- _What this task involves_
In the listing below, find each line containing "picture" and report it.

-- -- --

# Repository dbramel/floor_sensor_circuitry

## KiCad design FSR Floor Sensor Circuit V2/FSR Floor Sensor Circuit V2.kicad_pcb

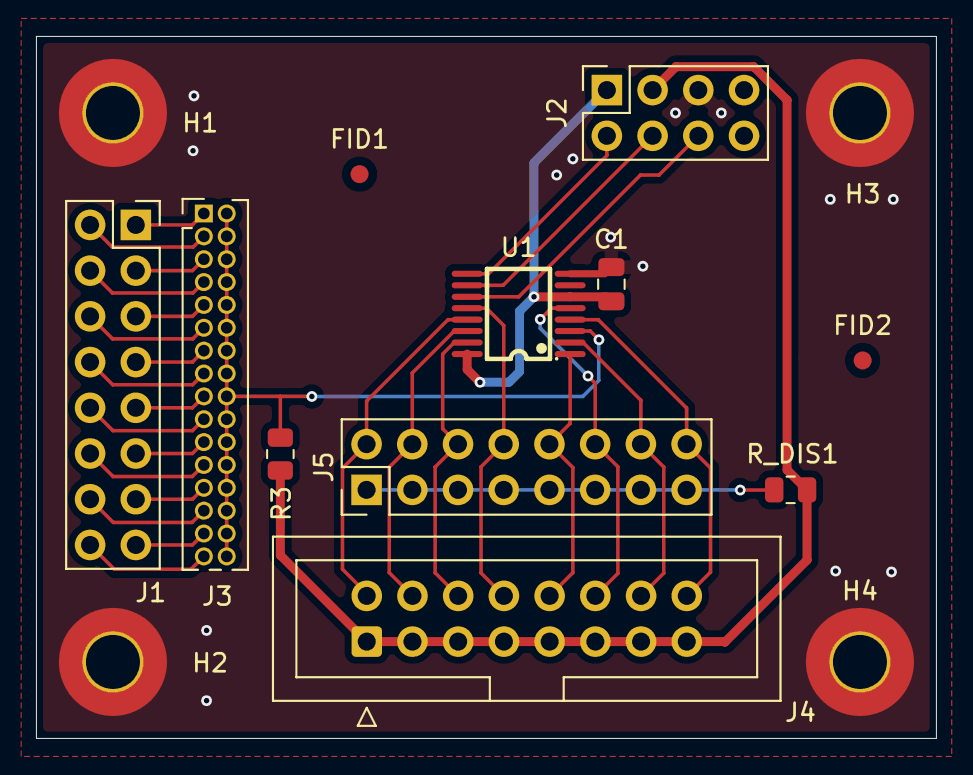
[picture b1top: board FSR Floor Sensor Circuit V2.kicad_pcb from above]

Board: 2 copper layers, 50.0 x 39.0 mm, 15 parts (0 on the bottom side), 32 nets.

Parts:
C1: 0.1uF; C_0805_2012Metric
FID1, FID2: Fiducial; Fiducial_1mm_Mask2mm
H1, H2, H3, H4: MountingHole_Pad; MountingHole_3mm_Pad_TopBottom
J1: Daughterboard Connector; PinSocket_2x08_P2.54mm_Vertical
J2: MCU Connector; PinSocket_2x04_P2.54mm_Vertical
J3: Board Select Jumper; PinHeader_2x16_P1.27mm_Vertical
J4: FSR Ribbon Cable; IDC-Header_2x08_P2.54mm_Vertical
J5: FSR Disable Jumper; PinHeader_2x08_P2.54mm_Vertical
R3: 10M; R_0805_2012Metric
R_DIS1: 1k; R_0805_2012Metric
U1: TMUX1308APWR; TSSOP-16_L5.0-W4.4-P0.64-LS6.4-BL

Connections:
+5V: C1.1, J2.1, U1.6 (~EN), U1.16 (VDD)
/2V5_REF: J2.3, J4.1, J4.3, J4.5, J4.7, J4.9, J4.11, J4.13, J4.15, R3.2, R_DIS1.1
/Daughter_1: J1.1, J3.1
/Daughter_2: J1.2, J3.3
/Daughter_3: J1.3, J3.5
/Daughter_4: J1.4, J3.7
/Daughter_5: J1.5, J3.9
/Daughter_6: J1.6, J3.11
/Daughter_7: J1.7, J3.13
/Daughter_8: J1.8, J3.15
/Daughter_9: J1.9, J3.17
/Daughter_10: J1.10, J3.19
/Daughter_11: J1.11, J3.21
/Daughter_12: J1.12, J3.23
/Daughter_13: J1.13, J3.25
/Daughter_14: J1.14, J3.27
/Daughter_15: J1.15, J3.29
/Daughter_16: J1.16, J3.31
/FSR Daughterboard/FSR_1: J4.2, J5.2, U1.13 (S0)
/FSR Daughterboard/FSR_2: J4.4, J5.4, U1.14 (S1)
/FSR Daughterboard/FSR_3: J4.6, J5.6, U1.15 (S2)
/FSR Daughterboard/FSR_4: J4.8, J5.8, U1.12 (S3)
/FSR Daughterboard/FSR_5: J4.10, J5.10, U1.1 (S4)
/FSR Daughterboard/FSR_6: J4.12, J5.12, U1.5 (S5)
/FSR Daughterboard/FSR_7: J4.14, J5.14, U1.2 (S6)
/FSR Daughterboard/FSR_8: J4.16, J5.16, U1.4 (S7)
/FSR Daughterboard/FSR_DIS: J5.1, J5.3, J5.5, J5.7, J5.9, J5.11, J5.13, J5.15, R_DIS1.2
/FSR Daughterboard/Selected_FSR: J3.2, J3.4, J3.6, J3.8, J3.10, J3.12, J3.14, J3.16, J3.18, J3.20, J3.22, J3.24, J3.26, J3.28, J3.30, J3.32, R3.1, U1.3 (D)
/FSR_Mux_0: J2.6, U1.11 (A0)
/FSR_Mux_1: J2.4, U1.10 (A1)
/FSR_Mux_2: J2.2, U1.9 (A2)
GND: C1.2, H1.1 (1_1), H2.1 (1_1), H3.1 (1_1), H4.1 (1_1), J2.5, U1.8 (GND)

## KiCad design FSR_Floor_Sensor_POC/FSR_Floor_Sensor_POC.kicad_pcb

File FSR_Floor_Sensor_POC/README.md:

# FSR Floor Sensor Measurement POC

The schematic uses the installed KiCad library symbols for the passive parts and connectors: `Device:R`, `Device:C`, `Connector_Generic:Conn_02x08_Odd_Even` (J2), and `Connector_Generic:Conn_02x10_Odd_Even` (J1). Custom local symbols remain for ADS1256, ADG708, and REF5025.

J2 is the 2x8 FSR ribbon connector. Odd pins 1, 3, 5, 7, 9, 11, 13, and 15 share `VEXC_2V5`; even pins 2, 4, 6, 8, 10, 12, 14, and 16 carry `FSR0_NODE` through `FSR7_NODE`. Each sensor return connects to the corresponding ADS1256 AIN0–AIN7 input and U2 S1–S8.

U2 selects one sensor to `LOAD_NODE`. U3 selects a load resistor from 1 kΩ through 1 MΩ between `LOAD_NODE` and AGND. The mux address and enable signals are shared. U4 provides the 2.5 V reference for sensor excitation and ADS1256 VREFP; VREFN and AINCOM connect to AGND.

J1 is a generic 2x10 host connection for mux control, SPI, ADC control/clock/GPIO, +5VA, +3V3, and AGND. Assign footprints to match the actual build before PCB layout. See `BOM.csv` for the component summary.

Validation: KiCad CLI exported the schematic netlist successfully and ERC reported 0 errors and 0 warnings.

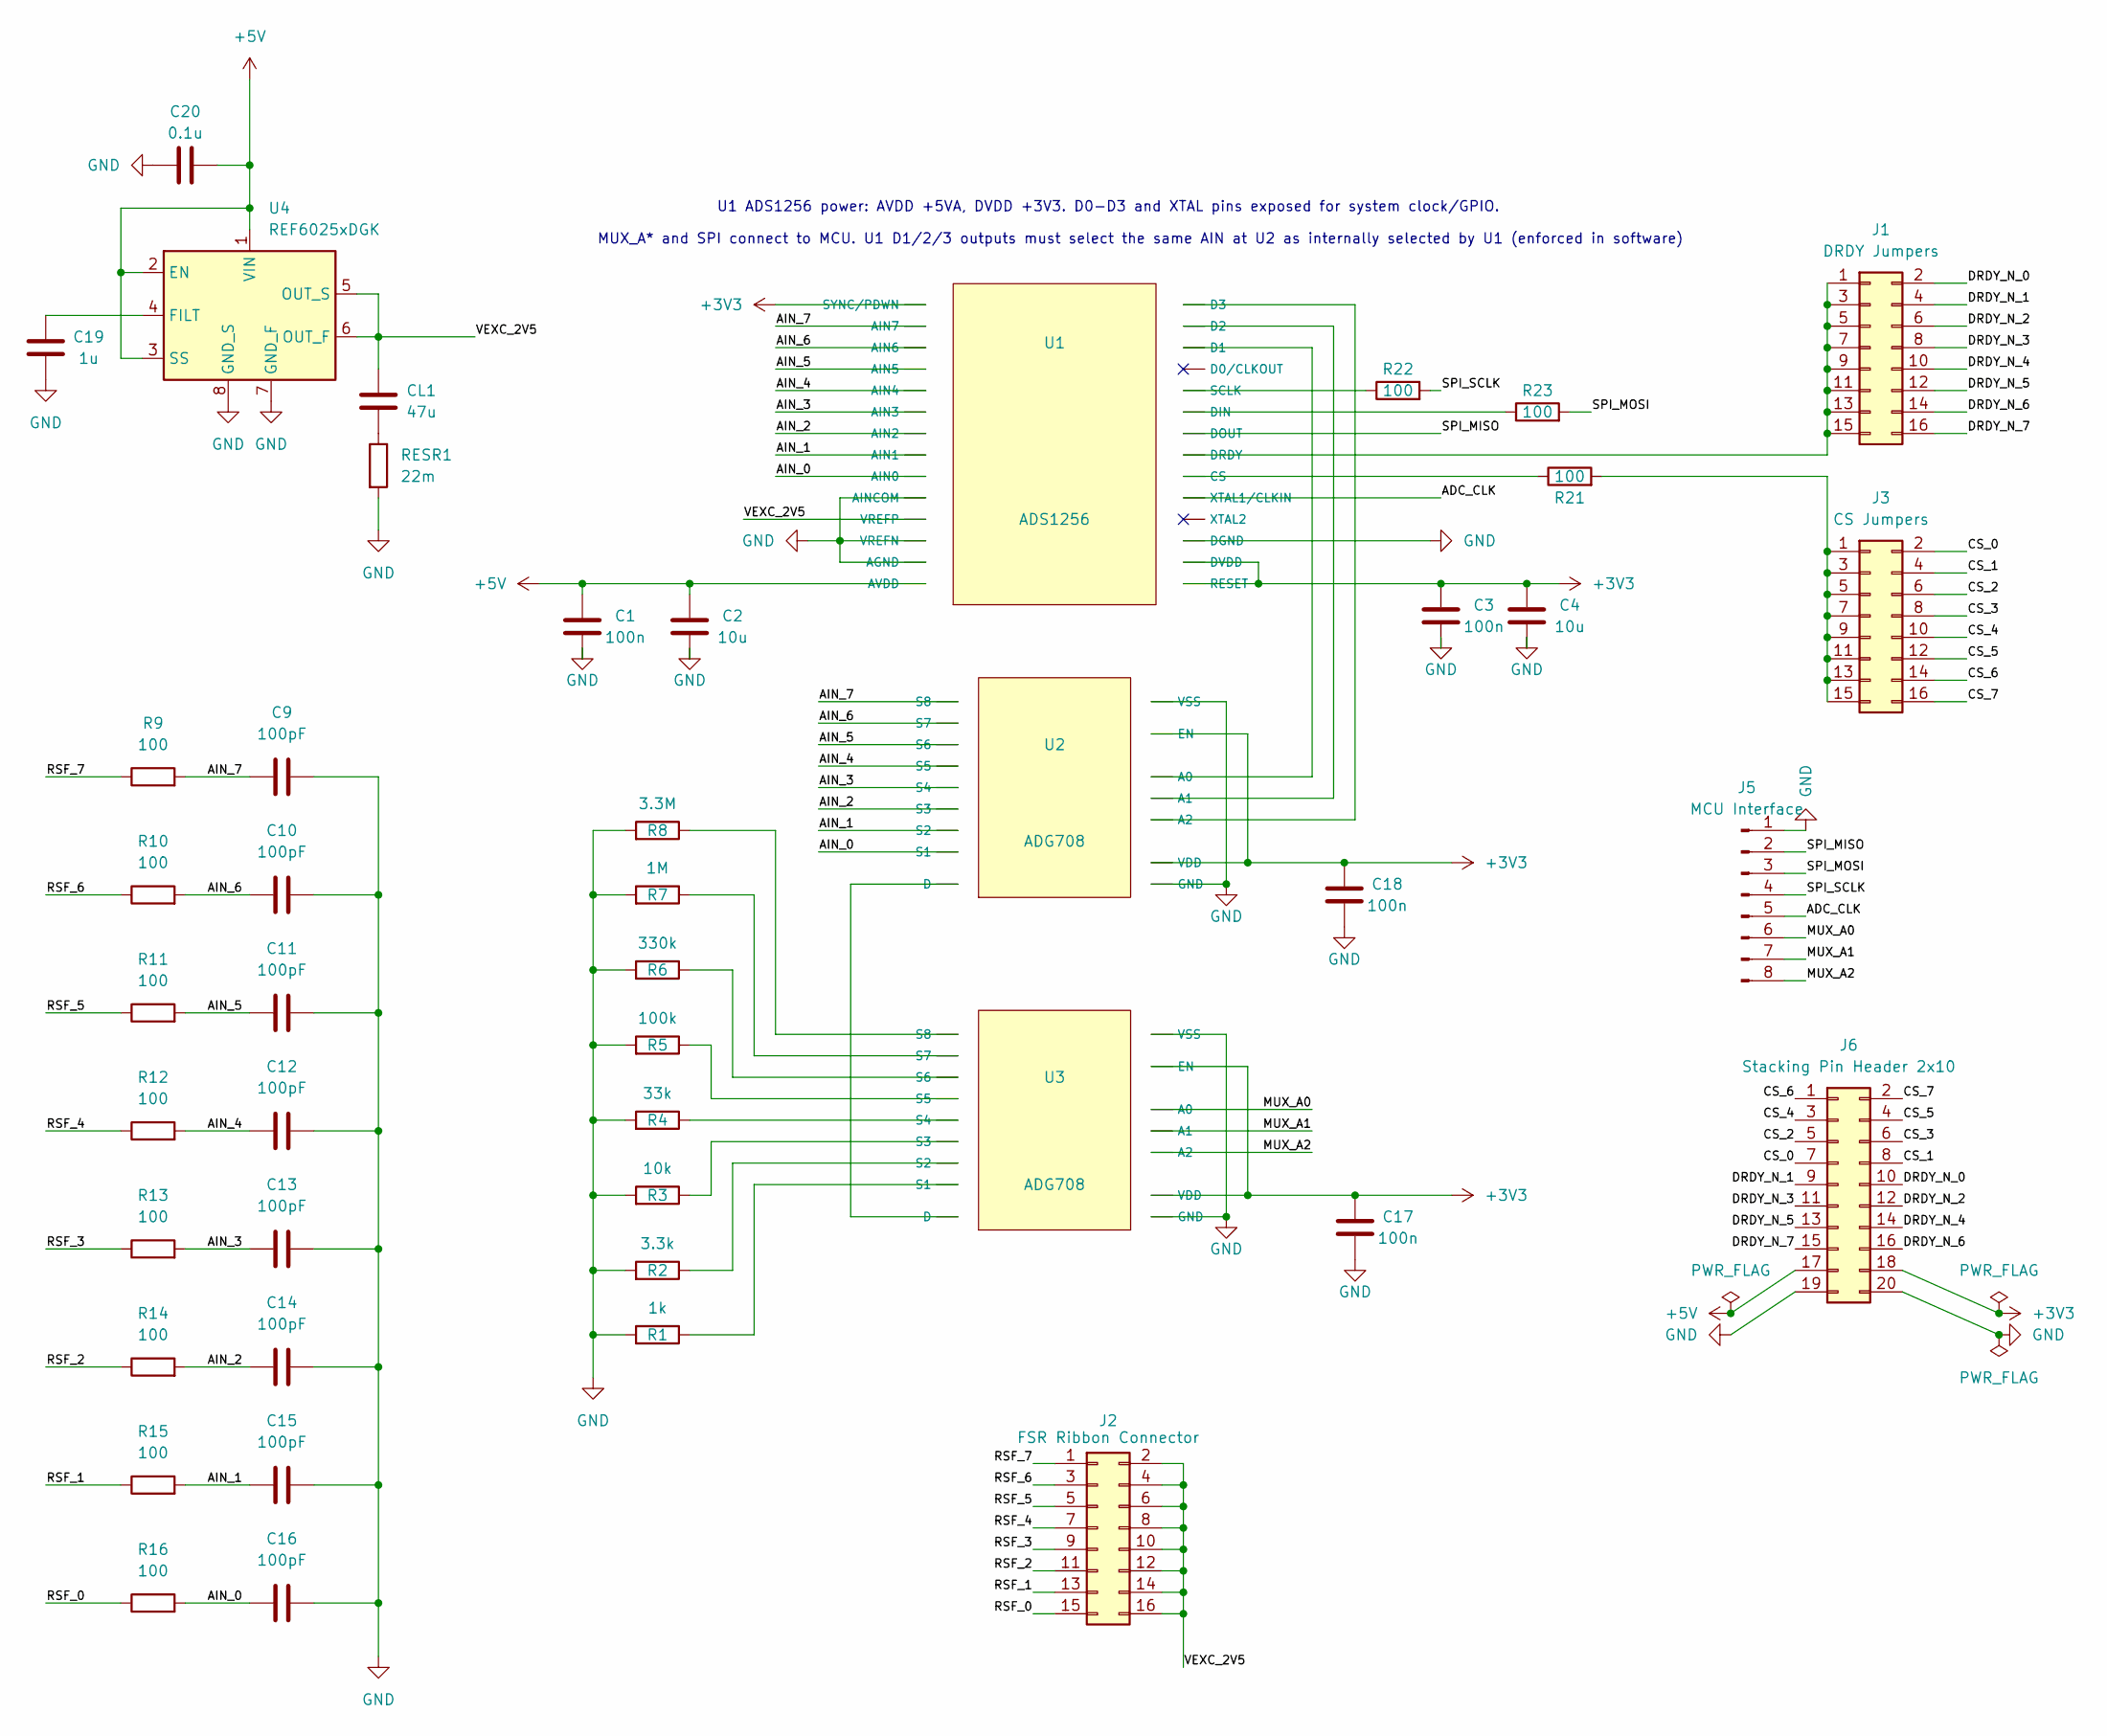
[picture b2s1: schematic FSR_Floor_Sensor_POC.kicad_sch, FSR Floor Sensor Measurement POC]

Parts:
C1, C3, C17, C18: 100n; C_0805_2012Metric
C2, C4: 10u; C_0805_2012Metric
C9, C10, C11, C12, C13, C14, C15, C16: 100pF; C_0805_2012Metric
C19: 1u; C_0805_2012Metric
C20: 0.1u; C_0805_2012Metric
CL1: 47u; C_0805_2012Metric
J1: DRDY Jumpers; PinHeader_2x08_P1.27mm_Vertical
J2: FSR Ribbon Connector; IDC-Header_2x08_P2.54mm_Vertical
J3: CS Jumpers; PinHeader_2x08_P1.27mm_Vertical
J5: MCU Interface; PinHeader_1x08_P2.54mm_Vertical
J6: Stacking Pin Header 2x10; PinHeader_2x10_P2.54mm_Vertical
R1: 1k; R_0805_2012Metric
R2: 3.3k; R_0805_2012Metric
R3: 10k; R_0805_2012Metric
R4: 33k; R_0805_2012Metric
R5: 100k; R_0805_2012Metric
R6: 330k; R_0805_2012Metric
R7: 1M; R_0805_2012Metric
R8: 3.3M; R_0805_2012Metric
R9, R10, R11, R12, R13, R14, R15, R16, R21, R22, R23: 100; R_0805_2012Metric
RESR1: 22m; R_0805_2012Metric
U1: ADS1256; SSOP-28_5.3x10.2mm_P0.65mm
U2, U3: ADG708; TSSOP-16_4.4x5mm_P0.65mm
U4: REF6025xDGK; VSSOP-8_3x3mm_P0.65mm

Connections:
+3V3: C3.1, C4.1, C17.1, C18.1, J6.18, U1.14 (SYNC/PDWN), U1.15 (RESET), U1.16 (DVDD), U2.2 (EN), U2.13 (VDD), U3.2 (EN), U3.13 (VDD)
+5V: C1.1, C2.1, C20.2, J6.17, U1.1 (AVDD), U4.1 (VIN), U4.2 (EN), U4.3 (SS)
/ADC_CLK: J5.5, U1.19 (XTAL1/CLKIN)
/AIN_0: C16.1, R16.2, U1.6 (AIN0), U2.4 (S1)
/AIN_1: C15.1, R15.2, U1.7 (AIN1), U2.5 (S2)
/AIN_2: C14.1, R14.2, U1.8 (AIN2), U2.6 (S3)
/AIN_3: C13.1, R13.2, U1.9 (AIN3), U2.7 (S4)
/AIN_4: C12.1, R12.2, U1.10 (AIN4), U2.12 (S5)
/AIN_5: C11.1, R11.2, U1.11 (AIN5), U2.11 (S6)
/AIN_6: C10.1, R10.2, U1.12 (AIN6), U2.10 (S7)
/AIN_7: C9.1, R9.2, U1.13 (AIN7), U2.9 (S8)
/CS_0: J3.2, J6.7
/CS_1: J3.4, J6.8
/CS_2: J3.6, J6.5
/CS_3: J3.8, J6.6
/CS_4: J3.10, J6.3
/CS_5: J3.12, J6.4
/CS_6: J3.14, J6.1
/CS_7: J3.16, J6.2
/DRDY_N_0: J1.2, J6.10
/DRDY_N_1: J1.4, J6.9
/DRDY_N_2: J1.6, J6.12
/DRDY_N_3: J1.8, J6.11
/DRDY_N_4: J1.10, J6.14
/DRDY_N_5: J1.12, J6.13
/DRDY_N_6: J1.14, J6.16
/DRDY_N_7: J1.16, J6.15
/MUX_A0: J5.6, U3.1 (A0)
/MUX_A1: J5.7, U3.16 (A1)
/MUX_A2: J5.8, U3.15 (A2)
/RSF_0: J2.15, R16.1
/RSF_1: J2.13, R15.1
/RSF_2: J2.11, R14.1
/RSF_3: J2.9, R13.1
/RSF_4: J2.7, R12.1
/RSF_5: J2.5, R11.1
/RSF_6: J2.3, R10.1
/RSF_7: J2.1, R9.1
/SPI_MISO: J5.2, U1.22 (DOUT)
/SPI_MOSI: J5.3, R23.2
/SPI_SCLK: J5.4, R22.2
/VEXC_2V5: CL1.1, J2.2, J2.4, J2.6, J2.8, J2.10, J2.12, J2.14, J2.16, U1.4 (VREFP), U4.5 (OUT_S), U4.6 (OUT_F)
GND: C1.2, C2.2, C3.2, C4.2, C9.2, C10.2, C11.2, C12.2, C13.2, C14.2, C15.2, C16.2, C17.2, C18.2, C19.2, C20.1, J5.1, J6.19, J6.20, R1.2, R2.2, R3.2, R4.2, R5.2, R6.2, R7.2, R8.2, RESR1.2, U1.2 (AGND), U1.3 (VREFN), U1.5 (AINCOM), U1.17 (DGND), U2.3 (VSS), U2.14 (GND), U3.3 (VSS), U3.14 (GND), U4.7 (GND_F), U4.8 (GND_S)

-- -- --

- _Task response_
[picture b1top: board FSR Floor Sensor Circuit V2.kicad_pcb from above]
[picture b2s1: schematic FSR_Floor_Sensor_POC.kicad_sch, FSR Floor Sensor Measurement POC]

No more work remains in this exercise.